--- Task objective ---
Exactly as written, set down the lines from the top of the entries through the line bearing "#9=PRODUCT_DEFINITION_SHAPE('','',#8);", with every picture left out.

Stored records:
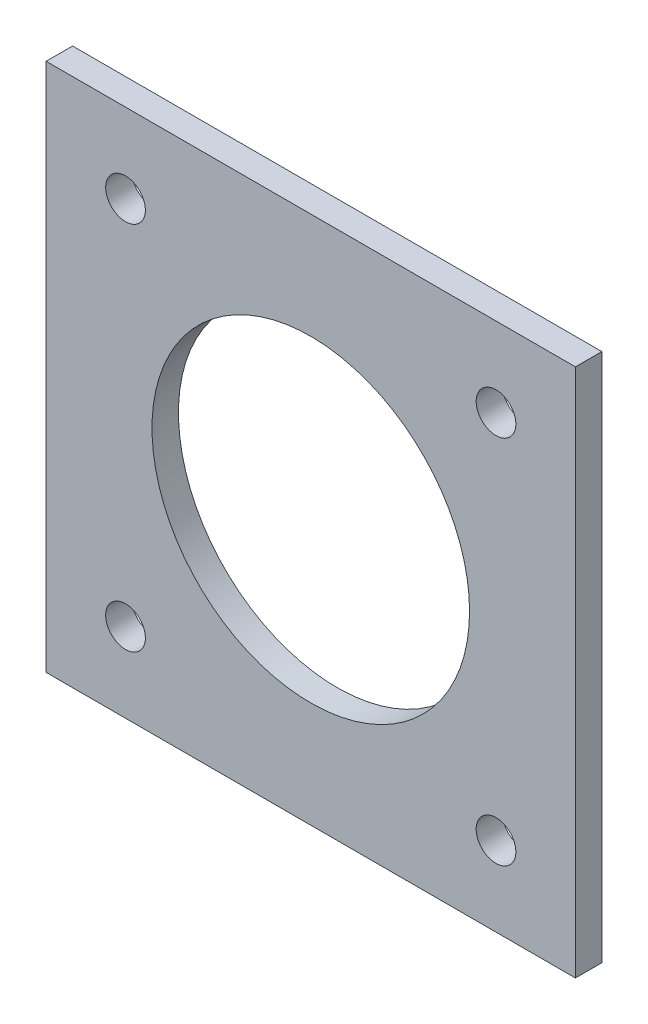
ISO-10303-21;
HEADER;
FILE_DESCRIPTION(('STEP AP214'),'2;1');
FILE_NAME('part.step','',(''),(''),'','','');
FILE_SCHEMA(('AUTOMOTIVE_DESIGN { 1 0 10303 214 1 1 1 1 }'));
ENDSEC;
DATA;
#1=APPLICATION_CONTEXT('core data for automotive mechanical design processes');
#2=APPLICATION_PROTOCOL_DEFINITION('international standard','automotive_design',2000,#1);
#3=PRODUCT_CONTEXT('',#1,'mechanical');
#4=PRODUCT('Part','Part','',(#3));
#5=PRODUCT_RELATED_PRODUCT_CATEGORY('part','',(#4));
#6=PRODUCT_DEFINITION_FORMATION('','',#4);
#7=PRODUCT_DEFINITION_CONTEXT('part definition',#1,'design');
#8=PRODUCT_DEFINITION('design','',#6,#7);
#9=PRODUCT_DEFINITION_SHAPE('','',#8);
#10=(LENGTH_UNIT() NAMED_UNIT(*) SI_UNIT(.MILLI.,.METRE.));
#11=(NAMED_UNIT(*) PLANE_ANGLE_UNIT() SI_UNIT($,.RADIAN.));
#12=(NAMED_UNIT(*) SI_UNIT($,.STERADIAN.) SOLID_ANGLE_UNIT());
#13=UNCERTAINTY_MEASURE_WITH_UNIT(LENGTH_MEASURE(1.E-05),#10,'distance_accuracy_value','');
#14=(GEOMETRIC_REPRESENTATION_CONTEXT(3) GLOBAL_UNCERTAINTY_ASSIGNED_CONTEXT((#13)) GLOBAL_UNIT_ASSIGNED_CONTEXT((#10,
#11,#12)) REPRESENTATION_CONTEXT('',''));
#15=CARTESIAN_POINT('',(0.,0.,0.));
#16=DIRECTION('',(0.,0.,1.));
#17=DIRECTION('',(1.,0.,0.));
#18=AXIS2_PLACEMENT_3D('',#15,#16,#17);
#19=CARTESIAN_POINT('',(-16.8432578160716,-11.7743628950051,2.));
#20=DIRECTION('',(0.,0.,1.));
#21=DIRECTION('',(1.,0.,0.));
#22=AXIS2_PLACEMENT_3D('',#19,#20,#21);
#23=PLANE('',#22);
#24=CARTESIAN_POINT('',(-10.8432578160716,-5.77436289500511,2.));
#25=DIRECTION('',(0.,0.,1.));
#26=DIRECTION('',(1.,0.,0.));
#27=AXIS2_PLACEMENT_3D('',#24,#25,#26);
#28=CIRCLE('',#27,1.5);
#29=CARTESIAN_POINT('',(-9.34325781607163,-5.77436289500511,2.));
#30=VERTEX_POINT('',#29);
#31=EDGE_CURVE('E125',#30,#30,#28,.T.);
#32=ORIENTED_EDGE('',*,*,#31,.F.);
#33=EDGE_LOOP('',(#32));
#34=FACE_BOUND('',#33,.T.);
#35=CARTESIAN_POINT('',(-10.8432578160716,22.2256371049949,2.));
#36=DIRECTION('',(0.,0.,1.));
#37=DIRECTION('',(1.,0.,0.));
#38=AXIS2_PLACEMENT_3D('',#35,#36,#37);
#39=CIRCLE('',#38,1.5);
#40=CARTESIAN_POINT('',(-9.34325781607162,22.2256371049949,2.));
#41=VERTEX_POINT('',#40);
#42=EDGE_CURVE('E113',#41,#41,#39,.T.);
#43=ORIENTED_EDGE('',*,*,#42,.F.);
#44=EDGE_LOOP('',(#43));
#45=FACE_BOUND('',#44,.T.);
#46=DIRECTION('',(0.,-1.,0.));
#47=VECTOR('',#46,1.);
#48=CARTESIAN_POINT('',(-16.8432578160716,28.2256371049949,2.));
#49=LINE('',#48,#47);
#50=CARTESIAN_POINT('',(-16.8432578160716,28.2256371049949,2.));
#51=VERTEX_POINT('',#50);
#52=CARTESIAN_POINT('',(-16.8432578160716,-11.7743628950051,2.));
#53=VERTEX_POINT('',#52);
#54=EDGE_CURVE('E83',#51,#53,#49,.T.);
#55=ORIENTED_EDGE('',*,*,#54,.T.);
#56=DIRECTION('',(1.,0.,0.));
#57=VECTOR('',#56,1.);
#58=CARTESIAN_POINT('',(-16.8432578160716,-11.7743628950051,2.));
#59=LINE('',#58,#57);
#60=CARTESIAN_POINT('',(23.1567421839284,-11.7743628950051,2.));
#61=VERTEX_POINT('',#60);
#62=EDGE_CURVE('E78',#53,#61,#59,.T.);
#63=ORIENTED_EDGE('',*,*,#62,.T.);
#64=DIRECTION('',(0.,1.,0.));
#65=VECTOR('',#64,1.);
#66=CARTESIAN_POINT('',(23.1567421839284,28.2256371049949,2.));
#67=LINE('',#66,#65);
#68=CARTESIAN_POINT('',(23.1567421839284,28.2256371049949,2.));
#69=VERTEX_POINT('',#68);
#70=EDGE_CURVE('E81',#61,#69,#67,.T.);
#71=ORIENTED_EDGE('',*,*,#70,.T.);
#72=DIRECTION('',(-1.,0.,0.));
#73=VECTOR('',#72,1.);
#74=CARTESIAN_POINT('',(-16.8432578160716,28.2256371049949,2.));
#75=LINE('',#74,#73);
#76=EDGE_CURVE('E48',#69,#51,#75,.T.);
#77=ORIENTED_EDGE('',*,*,#76,.T.);
#78=EDGE_LOOP('',(#55,#63,#71,#77));
#79=FACE_BOUND('',#78,.T.);
#80=CARTESIAN_POINT('',(3.15674218392838,8.22563710499489,2.));
#81=DIRECTION('',(0.,0.,1.));
#82=DIRECTION('',(1.,0.,0.));
#83=AXIS2_PLACEMENT_3D('',#80,#81,#82);
#84=CIRCLE('',#83,12.);
#85=CARTESIAN_POINT('',(15.1567421839284,8.22563710499489,2.));
#86=VERTEX_POINT('',#85);
#87=EDGE_CURVE('E98',#86,#86,#84,.T.);
#88=ORIENTED_EDGE('',*,*,#87,.F.);
#89=EDGE_LOOP('',(#88));
#90=FACE_BOUND('',#89,.T.);
#91=CARTESIAN_POINT('',(17.1567421839284,22.2256371049949,2.));
#92=DIRECTION('',(0.,0.,1.));
#93=DIRECTION('',(1.,0.,0.));
#94=AXIS2_PLACEMENT_3D('',#91,#92,#93);
#95=CIRCLE('',#94,1.5);
#96=CARTESIAN_POINT('',(18.6567421839284,22.2256371049949,2.));
#97=VERTEX_POINT('',#96);
#98=EDGE_CURVE('E119',#97,#97,#95,.T.);
#99=ORIENTED_EDGE('',*,*,#98,.F.);
#100=EDGE_LOOP('',(#99));
#101=FACE_BOUND('',#100,.T.);
#102=CARTESIAN_POINT('',(17.1567421839284,-5.77436289500511,2.));
#103=DIRECTION('',(0.,0.,1.));
#104=DIRECTION('',(1.,0.,0.));
#105=AXIS2_PLACEMENT_3D('',#102,#103,#104);
#106=CIRCLE('',#105,1.5);
#107=CARTESIAN_POINT('',(18.6567421839284,-5.77436289500511,2.));
#108=VERTEX_POINT('',#107);
#109=EDGE_CURVE('E131',#108,#108,#106,.T.);
#110=ORIENTED_EDGE('',*,*,#109,.F.);
#111=EDGE_LOOP('',(#110));
#112=FACE_BOUND('',#111,.T.);
#113=ADVANCED_FACE('F31',(#34,#45,#79,#90,#101,#112),#23,.T.);
#114=CARTESIAN_POINT('',(-16.8432578160716,-11.7743628950051,0.));
#115=DIRECTION('',(0.,0.,1.));
#116=DIRECTION('',(1.,0.,0.));
#117=AXIS2_PLACEMENT_3D('',#114,#115,#116);
#118=PLANE('',#117);
#119=CARTESIAN_POINT('',(-10.8432578160716,-5.77436289500511,0.));
#120=DIRECTION('',(0.,0.,1.));
#121=DIRECTION('',(1.,0.,0.));
#122=AXIS2_PLACEMENT_3D('',#119,#120,#121);
#123=CIRCLE('',#122,1.5);
#124=CARTESIAN_POINT('',(-9.34325781607163,-5.77436289500511,0.));
#125=VERTEX_POINT('',#124);
#126=EDGE_CURVE('E128',#125,#125,#123,.T.);
#127=ORIENTED_EDGE('',*,*,#126,.T.);
#128=EDGE_LOOP('',(#127));
#129=FACE_BOUND('',#128,.T.);
#130=CARTESIAN_POINT('',(-10.8432578160716,22.2256371049949,0.));
#131=DIRECTION('',(0.,0.,1.));
#132=DIRECTION('',(1.,0.,0.));
#133=AXIS2_PLACEMENT_3D('',#130,#131,#132);
#134=CIRCLE('',#133,1.5);
#135=CARTESIAN_POINT('',(-9.34325781607162,22.2256371049949,0.));
#136=VERTEX_POINT('',#135);
#137=EDGE_CURVE('E116',#136,#136,#134,.T.);
#138=ORIENTED_EDGE('',*,*,#137,.T.);
#139=EDGE_LOOP('',(#138));
#140=FACE_BOUND('',#139,.T.);
#141=DIRECTION('',(0.,-1.,0.));
#142=VECTOR('',#141,1.);
#143=CARTESIAN_POINT('',(-16.8432578160716,28.2256371049949,0.));
#144=LINE('',#143,#142);
#145=CARTESIAN_POINT('',(-16.8432578160716,28.2256371049949,0.));
#146=VERTEX_POINT('',#145);
#147=CARTESIAN_POINT('',(-16.8432578160716,-11.7743628950051,0.));
#148=VERTEX_POINT('',#147);
#149=EDGE_CURVE('E95',#146,#148,#144,.T.);
#150=ORIENTED_EDGE('',*,*,#149,.F.);
#151=DIRECTION('',(-1.,0.,0.));
#152=VECTOR('',#151,1.);
#153=CARTESIAN_POINT('',(-16.8432578160716,28.2256371049949,0.));
#154=LINE('',#153,#152);
#155=CARTESIAN_POINT('',(23.1567421839284,28.2256371049949,0.));
#156=VERTEX_POINT('',#155);
#157=EDGE_CURVE('E71',#156,#146,#154,.T.);
#158=ORIENTED_EDGE('',*,*,#157,.F.);
#159=DIRECTION('',(0.,1.,0.));
#160=VECTOR('',#159,1.);
#161=CARTESIAN_POINT('',(23.1567421839284,28.2256371049949,0.));
#162=LINE('',#161,#160);
#163=CARTESIAN_POINT('',(23.1567421839284,-11.7743628950051,0.));
#164=VERTEX_POINT('',#163);
#165=EDGE_CURVE('E65',#164,#156,#162,.T.);
#166=ORIENTED_EDGE('',*,*,#165,.F.);
#167=DIRECTION('',(1.,0.,0.));
#168=VECTOR('',#167,1.);
#169=CARTESIAN_POINT('',(-16.8432578160716,-11.7743628950051,0.));
#170=LINE('',#169,#168);
#171=EDGE_CURVE('E87',#148,#164,#170,.T.);
#172=ORIENTED_EDGE('',*,*,#171,.F.);
#173=EDGE_LOOP('',(#150,#158,#166,#172));
#174=FACE_BOUND('',#173,.T.);
#175=CARTESIAN_POINT('',(3.15674218392838,8.22563710499489,0.));
#176=DIRECTION('',(0.,0.,1.));
#177=DIRECTION('',(1.,0.,0.));
#178=AXIS2_PLACEMENT_3D('',#175,#176,#177);
#179=CIRCLE('',#178,12.);
#180=CARTESIAN_POINT('',(15.1567421839284,8.22563710499489,0.));
#181=VERTEX_POINT('',#180);
#182=EDGE_CURVE('E110',#181,#181,#179,.T.);
#183=ORIENTED_EDGE('',*,*,#182,.T.);
#184=EDGE_LOOP('',(#183));
#185=FACE_BOUND('',#184,.T.);
#186=CARTESIAN_POINT('',(17.1567421839284,22.2256371049949,0.));
#187=DIRECTION('',(0.,0.,1.));
#188=DIRECTION('',(1.,0.,0.));
#189=AXIS2_PLACEMENT_3D('',#186,#187,#188);
#190=CIRCLE('',#189,1.5);
#191=CARTESIAN_POINT('',(18.6567421839284,22.2256371049949,0.));
#192=VERTEX_POINT('',#191);
#193=EDGE_CURVE('E122',#192,#192,#190,.T.);
#194=ORIENTED_EDGE('',*,*,#193,.T.);
#195=EDGE_LOOP('',(#194));
#196=FACE_BOUND('',#195,.T.);
#197=CARTESIAN_POINT('',(17.1567421839284,-5.77436289500511,0.));
#198=DIRECTION('',(0.,0.,1.));
#199=DIRECTION('',(1.,0.,0.));
#200=AXIS2_PLACEMENT_3D('',#197,#198,#199);
#201=CIRCLE('',#200,1.5);
#202=CARTESIAN_POINT('',(18.6567421839284,-5.77436289500511,0.));
#203=VERTEX_POINT('',#202);
#204=EDGE_CURVE('E134',#203,#203,#201,.T.);
#205=ORIENTED_EDGE('',*,*,#204,.T.);
#206=EDGE_LOOP('',(#205));
#207=FACE_BOUND('',#206,.T.);
#208=ADVANCED_FACE('F106',(#129,#140,#174,#185,#196,#207),#118,.F.);
#209=CARTESIAN_POINT('',(-16.8432578160716,28.2256371049949,2.));
#210=DIRECTION('',(1.,0.,0.));
#211=DIRECTION('',(0.,1.,0.));
#212=AXIS2_PLACEMENT_3D('',#209,#210,#211);
#213=PLANE('',#212);
#214=ORIENTED_EDGE('',*,*,#149,.T.);
#215=DIRECTION('',(0.,0.,-1.));
#216=VECTOR('',#215,1.);
#217=CARTESIAN_POINT('',(-16.8432578160716,-11.7743628950051,2.));
#218=LINE('',#217,#216);
#219=EDGE_CURVE('E11',#53,#148,#218,.T.);
#220=ORIENTED_EDGE('',*,*,#219,.F.);
#221=ORIENTED_EDGE('',*,*,#54,.F.);
#222=DIRECTION('',(0.,0.,-1.));
#223=VECTOR('',#222,1.);
#224=CARTESIAN_POINT('',(-16.8432578160716,28.2256371049949,2.));
#225=LINE('',#224,#223);
#226=EDGE_CURVE('E91',#51,#146,#225,.T.);
#227=ORIENTED_EDGE('',*,*,#226,.T.);
#228=EDGE_LOOP('',(#214,#220,#221,#227));
#229=FACE_BOUND('',#228,.T.);
#230=ADVANCED_FACE('F33',(#229),#213,.F.);
#231=CARTESIAN_POINT('',(-16.8432578160716,-11.7743628950051,2.));
#232=DIRECTION('',(0.,1.,0.));
#233=DIRECTION('',(0.,0.,1.));
#234=AXIS2_PLACEMENT_3D('',#231,#232,#233);
#235=PLANE('',#234);
#236=ORIENTED_EDGE('',*,*,#171,.T.);
#237=DIRECTION('',(0.,0.,-1.));
#238=VECTOR('',#237,1.);
#239=CARTESIAN_POINT('',(23.1567421839284,-11.7743628950051,2.));
#240=LINE('',#239,#238);
#241=EDGE_CURVE('E40',#61,#164,#240,.T.);
#242=ORIENTED_EDGE('',*,*,#241,.F.);
#243=ORIENTED_EDGE('',*,*,#62,.F.);
#244=ORIENTED_EDGE('',*,*,#219,.T.);
#245=EDGE_LOOP('',(#236,#242,#243,#244));
#246=FACE_BOUND('',#245,.T.);
#247=ADVANCED_FACE('F86',(#246),#235,.F.);
#248=CARTESIAN_POINT('',(23.1567421839284,28.2256371049949,2.));
#249=DIRECTION('',(-1.,0.,0.));
#250=DIRECTION('',(0.,-1.,0.));
#251=AXIS2_PLACEMENT_3D('',#248,#249,#250);
#252=PLANE('',#251);
#253=ORIENTED_EDGE('',*,*,#165,.T.);
#254=DIRECTION('',(0.,0.,-1.));
#255=VECTOR('',#254,1.);
#256=CARTESIAN_POINT('',(23.1567421839284,28.2256371049949,2.));
#257=LINE('',#256,#255);
#258=EDGE_CURVE('E88',#69,#156,#257,.T.);
#259=ORIENTED_EDGE('',*,*,#258,.F.);
#260=ORIENTED_EDGE('',*,*,#70,.F.);
#261=ORIENTED_EDGE('',*,*,#241,.T.);
#262=EDGE_LOOP('',(#253,#259,#260,#261));
#263=FACE_BOUND('',#262,.T.);
#264=ADVANCED_FACE('F89',(#263),#252,.F.);
#265=CARTESIAN_POINT('',(-16.8432578160716,28.2256371049949,2.));
#266=DIRECTION('',(0.,-1.,0.));
#267=DIRECTION('',(0.,0.,-1.));
#268=AXIS2_PLACEMENT_3D('',#265,#266,#267);
#269=PLANE('',#268);
#270=ORIENTED_EDGE('',*,*,#157,.T.);
#271=ORIENTED_EDGE('',*,*,#226,.F.);
#272=ORIENTED_EDGE('',*,*,#76,.F.);
#273=ORIENTED_EDGE('',*,*,#258,.T.);
#274=EDGE_LOOP('',(#270,#271,#272,#273));
#275=FACE_BOUND('',#274,.T.);
#276=ADVANCED_FACE('F103',(#275),#269,.F.);
#277=CARTESIAN_POINT('',(3.15674218392838,8.22563710499489,2.));
#278=DIRECTION('',(0.,0.,-1.));
#279=DIRECTION('',(-1.,0.,0.));
#280=AXIS2_PLACEMENT_3D('',#277,#278,#279);
#281=CYLINDRICAL_SURFACE('',#280,12.);
#282=ORIENTED_EDGE('',*,*,#87,.T.);
#283=EDGE_LOOP('',(#282));
#284=FACE_BOUND('',#283,.T.);
#285=ORIENTED_EDGE('',*,*,#182,.F.);
#286=EDGE_LOOP('',(#285));
#287=FACE_BOUND('',#286,.T.);
#288=ADVANCED_FACE('F154',(#284,#287),#281,.F.);
#289=CARTESIAN_POINT('',(-10.8432578160716,22.2256371049949,2.));
#290=DIRECTION('',(0.,0.,-1.));
#291=DIRECTION('',(-1.,0.,0.));
#292=AXIS2_PLACEMENT_3D('',#289,#290,#291);
#293=CYLINDRICAL_SURFACE('',#292,1.5);
#294=ORIENTED_EDGE('',*,*,#42,.T.);
#295=EDGE_LOOP('',(#294));
#296=FACE_BOUND('',#295,.T.);
#297=ORIENTED_EDGE('',*,*,#137,.F.);
#298=EDGE_LOOP('',(#297));
#299=FACE_BOUND('',#298,.T.);
#300=ADVANCED_FACE('F200',(#296,#299),#293,.F.);
#301=CARTESIAN_POINT('',(17.1567421839284,22.2256371049949,2.));
#302=DIRECTION('',(0.,0.,-1.));
#303=DIRECTION('',(-1.,0.,0.));
#304=AXIS2_PLACEMENT_3D('',#301,#302,#303);
#305=CYLINDRICAL_SURFACE('',#304,1.5);
#306=ORIENTED_EDGE('',*,*,#98,.T.);
#307=EDGE_LOOP('',(#306));
#308=FACE_BOUND('',#307,.T.);
#309=ORIENTED_EDGE('',*,*,#193,.F.);
#310=EDGE_LOOP('',(#309));
#311=FACE_BOUND('',#310,.T.);
#312=ADVANCED_FACE('F208',(#308,#311),#305,.F.);
#313=CARTESIAN_POINT('',(-10.8432578160716,-5.77436289500511,2.));
#314=DIRECTION('',(0.,0.,-1.));
#315=DIRECTION('',(-1.,0.,0.));
#316=AXIS2_PLACEMENT_3D('',#313,#314,#315);
#317=CYLINDRICAL_SURFACE('',#316,1.5);
#318=ORIENTED_EDGE('',*,*,#31,.T.);
#319=EDGE_LOOP('',(#318));
#320=FACE_BOUND('',#319,.T.);
#321=ORIENTED_EDGE('',*,*,#126,.F.);
#322=EDGE_LOOP('',(#321));
#323=FACE_BOUND('',#322,.T.);
#324=ADVANCED_FACE('F216',(#320,#323),#317,.F.);
#325=CARTESIAN_POINT('',(17.1567421839284,-5.77436289500511,2.));
#326=DIRECTION('',(0.,0.,-1.));
#327=DIRECTION('',(-1.,0.,0.));
#328=AXIS2_PLACEMENT_3D('',#325,#326,#327);
#329=CYLINDRICAL_SURFACE('',#328,1.5);
#330=ORIENTED_EDGE('',*,*,#109,.T.);
#331=EDGE_LOOP('',(#330));
#332=FACE_BOUND('',#331,.T.);
#333=ORIENTED_EDGE('',*,*,#204,.F.);
#334=EDGE_LOOP('',(#333));
#335=FACE_BOUND('',#334,.T.);
#336=ADVANCED_FACE('F140',(#332,#335),#329,.F.);
#337=CLOSED_SHELL('',(#113,#208,#230,#247,#264,#276,#288,#300,#312,#324,#336));
#338=MANIFOLD_SOLID_BREP('B2',#337);
#339=ADVANCED_BREP_SHAPE_REPRESENTATION('',(#18,#338),#14);
#340=SHAPE_DEFINITION_REPRESENTATION(#9,#339);
ENDSEC;
END-ISO-10303-21;

--- Exercise response ---
ISO-10303-21;
HEADER;
FILE_DESCRIPTION(('STEP AP214'),'2;1');
FILE_NAME('part.step','',(''),(''),'','','');
FILE_SCHEMA(('AUTOMOTIVE_DESIGN { 1 0 10303 214 1 1 1 1 }'));
ENDSEC;
DATA;
#1=APPLICATION_CONTEXT('core data for automotive mechanical design processes');
#2=APPLICATION_PROTOCOL_DEFINITION('international standard','automotive_design',2000,#1);
#3=PRODUCT_CONTEXT('',#1,'mechanical');
#4=PRODUCT('Part','Part','',(#3));
#5=PRODUCT_RELATED_PRODUCT_CATEGORY('part','',(#4));
#6=PRODUCT_DEFINITION_FORMATION('','',#4);
#7=PRODUCT_DEFINITION_CONTEXT('part definition',#1,'design');
#8=PRODUCT_DEFINITION('design','',#6,#7);
#9=PRODUCT_DEFINITION_SHAPE('','',#8);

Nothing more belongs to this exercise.